More recently, he’s become a proud early adopter of artificial intelligence at his 5-year-old brokerage, SERHANT., in an ongoing quest to improve its bottom line and overall efficiency.
Now, the trailblazing “Owning Manhattan” star is openly sharing his latest visions for the future, revealing to Realtor.com® his top predictions for the housing market—and himself—in 2026.
After a tumultuous 2025, during which the housing market was significantly impacted by economic uncertainty, President Trump's tariffs, and three consecutive interest rate cuts by the Federal Reserve, Serhant expects the next 12 months to see an impressive uptick in the number of homebuyers coming off the sidelines and into active purchasing.
However, those homebuyers might look very different, according to Serhant, who predicts a surge in the number of group ownerships in 2026 as people look for more creative affordability solutions.
What's more, he expects more sellers to come to the table, although not for the reasons you might think.

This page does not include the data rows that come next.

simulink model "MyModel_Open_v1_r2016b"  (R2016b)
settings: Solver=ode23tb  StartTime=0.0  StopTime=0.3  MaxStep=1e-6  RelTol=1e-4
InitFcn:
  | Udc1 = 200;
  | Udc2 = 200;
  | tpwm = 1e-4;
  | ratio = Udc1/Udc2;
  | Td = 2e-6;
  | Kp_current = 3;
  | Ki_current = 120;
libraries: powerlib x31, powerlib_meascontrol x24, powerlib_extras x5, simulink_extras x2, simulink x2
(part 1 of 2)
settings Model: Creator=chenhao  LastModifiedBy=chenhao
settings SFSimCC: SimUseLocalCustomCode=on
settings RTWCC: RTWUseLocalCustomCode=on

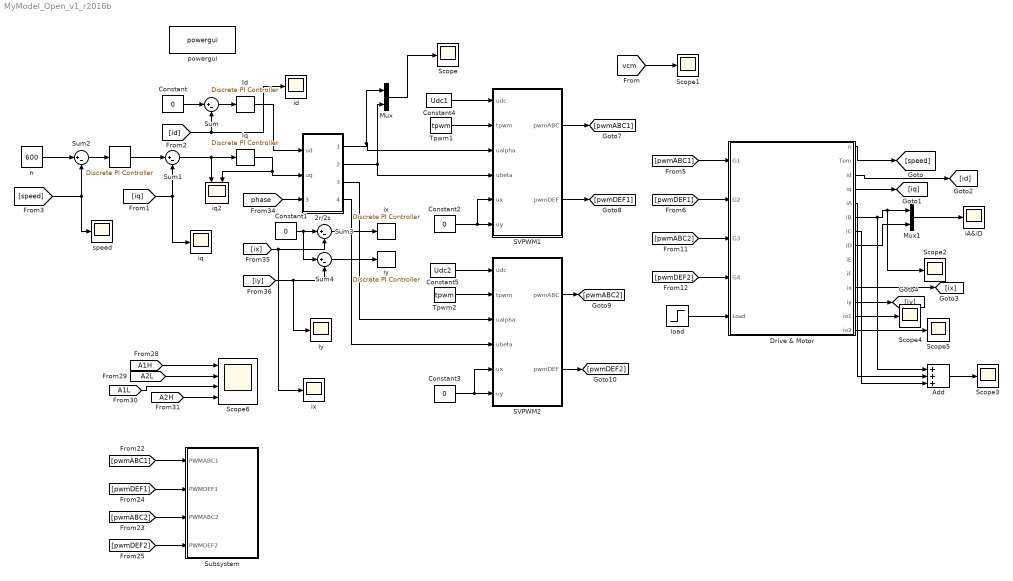
== system MyModel_Open_v1_r2016b ==
  "    " : powerlib_extras/Discrete  Control Blocks/Discrete PI Controller  Kp=1  Ki=100  Par_Limits=[50 -50]  Init=0  Ts=tpwm
  " Id" : powerlib_extras/Discrete  Control Blocks/Discrete PI Controller  Kp=Kp_current  Ki=Ki_current  Par_Limits=[300 -300]  Init=0  Ts=tpwm
  " Iq" : powerlib_extras/Discrete  Control Blocks/Discrete PI Controller  Kp=Kp_current  Ki=Ki_current  Par_Limits=[300 -300]  Init=0  Ts=tpwm
  " ix" : powerlib_extras/Discrete  Control Blocks/Discrete PI Controller  Kp=10  Ki=100  Par_Limits=[300 -300]  Init=0  Ts=tpwm
  " iy" : powerlib_extras/Discrete  Control Blocks/Discrete PI Controller  Kp=10  Ki=100  Par_Limits=[300 -300]  Init=0  Ts=tpwm
  2r/2s : Subsystem
  Add : Sum  Inputs=3
  Constant{,1..3} (4 alike) : Constant  Value=0
  Constant4 : Constant  Value=Udc1
  Constant5 : Constant  Value=Udc2
  Drive & Motor : Subsystem
  Mux : Mux  Inputs=2
  Mux1 : Mux  Inputs=2
  SVPWM1 : Subsystem
  SVPWM2 : Subsystem
  Scope{,1..5} (6 alike) : Scope
  Scope6 : Scope  NumInputPorts=4
  Subsystem : Subsystem
  Sum{,1..4} (5 alike) : Sum  Inputs=|+-
  Tpwm1 : Constant  Value=tpwm
  Tpwm2 : Constant  Value=tpwm
  "iA&iD " : Scope
  "id " : Scope
  iq : Scope
  iq2 : Scope  NumInputPorts=2
  ix : Scope
  iy : Scope
  load : Step  Time=0  After=15  SampleTime=0
  n : Constant  Value=600
  powergui : powerlib/powergui  Priority=1  SimulationMode=Continuous  SampleTime=1E-6  frequency=60  Iterations=50  frequencyindice=0  Pbase=100e6  ErrMax=1e-4  UnitsV=kV  UnitsW=MW  buscounter=0  FunctionMessages=off  echomessages=off  EnableUseOfTLC=off  CurrentSourceSwitches=off  DisableSnubberDevices=off  DisableRonSwitches=off  DisableVfSwitches=off  DisplayEquations=off  SolverType=Tustin/Backward Euler (TBE)  Interpol=off  ExternalGateDelay=off  methode=off  Ts=100  x0status=blocks  SPID=off  SwTol=0  HookPort=off  RestoreLinks=warning  ResistiveCurrentMeasurement=off  Frange=[0:2:500]  Ylog=off  Xlog=on  ShowGrid=off  save=off  variable=ZData  structure=IA  ZoomFFT=off  StartTime=0.2  cycles=3  DisplayStyle=1  fundamental=50  FreqAxis=on  MaxFrequency=1000  frequencyindicesteady=1  RmsSteady=1  display=off
  "speed " : Scope
  wires:
  2r/2s/2(ubeta1) -> SVPWM1/4(ubeta), Mux/2
  Mux/1 -> Scope/1
  Tpwm1/1 -> SVPWM1/2(tpwm)
  load/1 -> Drive & Motor/5(Load)
  [iy] -> iy/1, Sum4/2
  [iq] -> iq/1, Sum1/2
  Sum3/1 -> " ix"/1
  Constant4/1 -> SVPWM1/1(udc)
  Sum2/1 -> "    "/1
  2r/2s/1(ualfa1) -> SVPWM1/3(ualpha), Mux/1
  Sum1/1 -> iq2/1, " Iq"/1
  [speed] -> "speed "/1, Sum2/2
  Sum4/1 -> " iy"/1
  n/1 -> Sum2/1
  [ix] -> ix/1, Sum3/2
  " Id"/1 -> 2r/2s/1(ud)
  [phase] -> 2r/2s/3(theta)
  " Iq"/1 -> iq2/2, 2r/2s/2(uq)
  Sum/1 -> " Id"/1
  Constant1/1 -> Sum4/1, Sum3/1
  "    "/1 -> Sum1/1
  [id] -> "id "/1, Sum/2
  Constant/1 -> Sum/1
  Drive & Motor/1(n) -> [speed]
  Drive & Motor/4(iq) -> [iq]
  Drive & Motor/3(id) -> [id]
  Drive & Motor/11(ix) -> [ix]
  Drive & Motor/12(iy) -> [iy]
  Drive & Motor/5(iA) -> Add/1, Scope2/1, Mux1/1
  Drive & Motor/8(iD) -> Mux1/2
  Mux1/1 -> "iA&iD "/1
  Constant5/1 -> SVPWM2/1(udc)
  Tpwm2/1 -> SVPWM2/2(tpwm)
  2r/2s/3(ualfa2) -> SVPWM2/3(ualpha)
  2r/2s/4(ubeta2) -> SVPWM2/4(ubeta)
  Constant2/1 -> SVPWM1/5(ux), SVPWM1/6(uy)
  Constant3/1 -> SVPWM2/6(uy), SVPWM2/5(ux)
  SVPWM1/2(pwmDEF) -> [pwmDEF1]
  SVPWM2/1(pwmABC) -> [pwmABC2]
  SVPWM1/1(pwmABC) -> [pwmABC1]
  SVPWM2/2(pwmDEF) -> [pwmDEF2]
  [pwmABC1] -> Drive & Motor/1(G1)
  [pwmDEF1] -> Drive & Motor/2(G2)
  [pwmABC2] -> Drive & Motor/3(G3)
  [pwmDEF2] -> Drive & Motor/4(G4)
  [vcm] -> Scope1/1
  [A1L] -> Scope6/3
  [A1H] -> Scope6/1
  [pwmABC1] -> Subsystem/1(PWMABC1)
  [A2L] -> Scope6/2
  [A2H] -> Scope6/4
  [pwmDEF1] -> Subsystem/2(PWMDEF1)
  [pwmABC2] -> Subsystem/3(PWMABC2)
  [pwmDEF2] -> Subsystem/4(PWMDEF2)
  Drive & Motor/6(iB) -> Add/2
  Drive & Motor/7(iC) -> Add/3
  Add/1 -> Scope3/1
  Drive & Motor/13(io1) -> Scope4/1
  Drive & Motor/14(io2) -> Scope5/1

== system MyModel_Open_v1_r2016b/2r//2s ==
  ud : Inport
  uq : Inport  Port=2
  theta : Inport  Port=3
  Fcn : Fcn  Expr=u(1)*cos(u(3))-u(2)*sin(u(3))
  Fcn1 : Fcn  Expr=u(1)*sin(u(3))+u(2)*cos(u(3))
  Gain : Gain  Gain=ratio /(ratio + 1)
  Gain1 : Gain  Gain=ratio /(ratio + 1)
  Gain2 : Gain  Gain=-1 /(ratio + 1)
  Gain3 : Gain  Gain=-1 /(ratio + 1)
  Mux1 : Mux  Inputs=3
  ualfa1 : Outport
  ubeta1 : Outport  Port=2
  ualfa2 : Outport  Port=3
  ubeta2 : Outport  Port=4
  wires:
  theta/1 -> Mux1/3
  uq/1 -> Mux1/2
  ud/1 -> Mux1/1
  Mux1/1 -> Fcn1/1, Fcn/1
  Fcn/1 -> Gain2/1, Gain/1
  Gain/1 -> ualfa1/1
  Gain1/1 -> ubeta1/1
  Fcn1/1 -> Gain3/1, Gain1/1
  Gain2/1 -> ualfa2/1
  Gain3/1 -> ubeta2/1

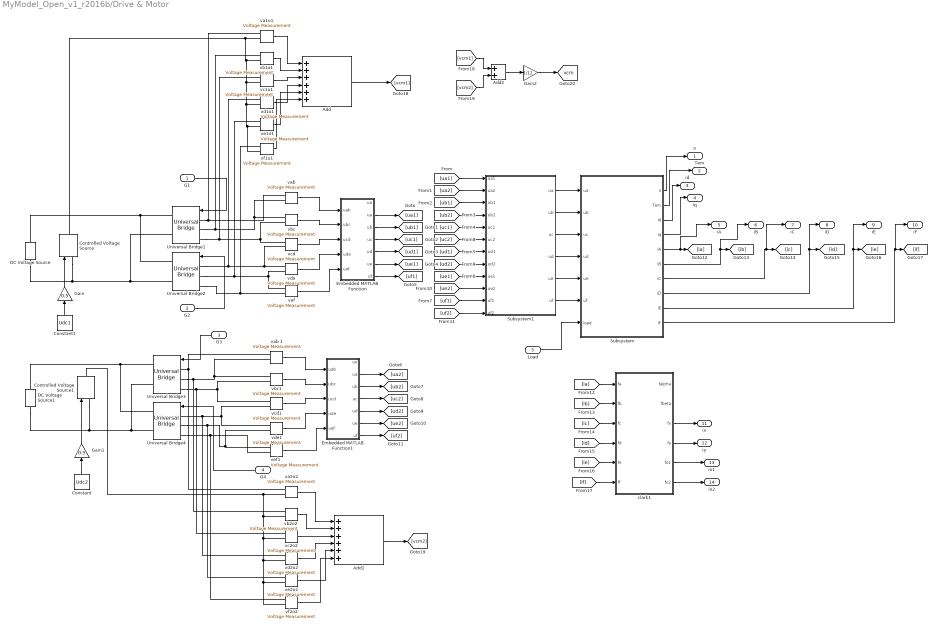
== system MyModel_Open_v1_r2016b/Drive & Motor ==
  G1 : Inport
  G2 : Inport  Port=2
  G3 : Inport  Port=3
  G4 : Inport  Port=4
  Load : Inport  Port=5
  Add : Sum  Inputs=++++++
  Add1 : Sum  Inputs=++++++
  Add2 : Sum
  Constant : Constant  Value=Udc2
  Constant1 : Constant  Value=Udc1
  Controlled Voltage Source : powerlib/Electrical Sources/Controlled Voltage Source  Initialize=on  Source_Type=AC  Amplitude=0  Phase=0  Frequency=0  Measurements=None
  Controlled Voltage Source1 : powerlib/Electrical Sources/Controlled Voltage Source  Initialize=on  Source_Type=AC  Amplitude=0  Phase=0  Frequency=0  Measurements=None
  DC Voltage Source : powerlib/Electrical Sources/DC Voltage Source  Amplitude=Udc1  Measurements=Voltage
  DC Voltage Source1 : powerlib/Electrical Sources/DC Voltage Source  Amplitude=Udc2  Measurements=Voltage
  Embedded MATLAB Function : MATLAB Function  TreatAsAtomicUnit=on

Interestingly, while the real estate expert forecasts “some mild interest rate relief,” he doesn’t think that will be the “significant” factor in motivating homeowners to give up the historically low rates they locked in during the COVID-19 pandemic.
Instead, he believes unquantifiable lifestyle factors will drive more sellers to finally come to market in 2026.
“I believe we're going to probably see a minimum of 10% more home sales, which is significant,” says Serhant.
“That would mean an additional 400,000 plus [or] minus home sales next year than we've seen over the past three years, and it wouldn't be because of rates,” he adds. “It would be because you can only push people not to move for so long.”
Those sellers who may soon be looking to move might notice a new phenomenon Serhant reports is starting to take hold among buyers: Instead of the buyer pool being mostly populated by individuals and couples, the Netflix personality thinks a growing number of potential buyers will enter into group homeownership situations.
“What you're starting to see is not a new normal, but a pivot to the future of home ownership,” posits Serhant, suggesting that there are multiple scenarios in which these owner groups could emerge.
“I think you're going to start to see a lot more co-owners than we've seen before,” he explains. “Instead of just parents buying for children, it’s parents buying with children. Instead of just friends helping friends out, it’s friends buying with friends. It's cousins buying with cousins. It's different forms of tenants in common and LLC ownership that we just haven't ever seen before to make housing affordable.”
Serhant concedes this shift will take some getting used to, but argues the trend makes sense dollar for dollar.
“Instead of living with three roommates in a rental and just burning your cash, why not go buy something, [the] three of you, if there's a good deal to be had?” he suggests. “I think people are becoming more comfortable with that.”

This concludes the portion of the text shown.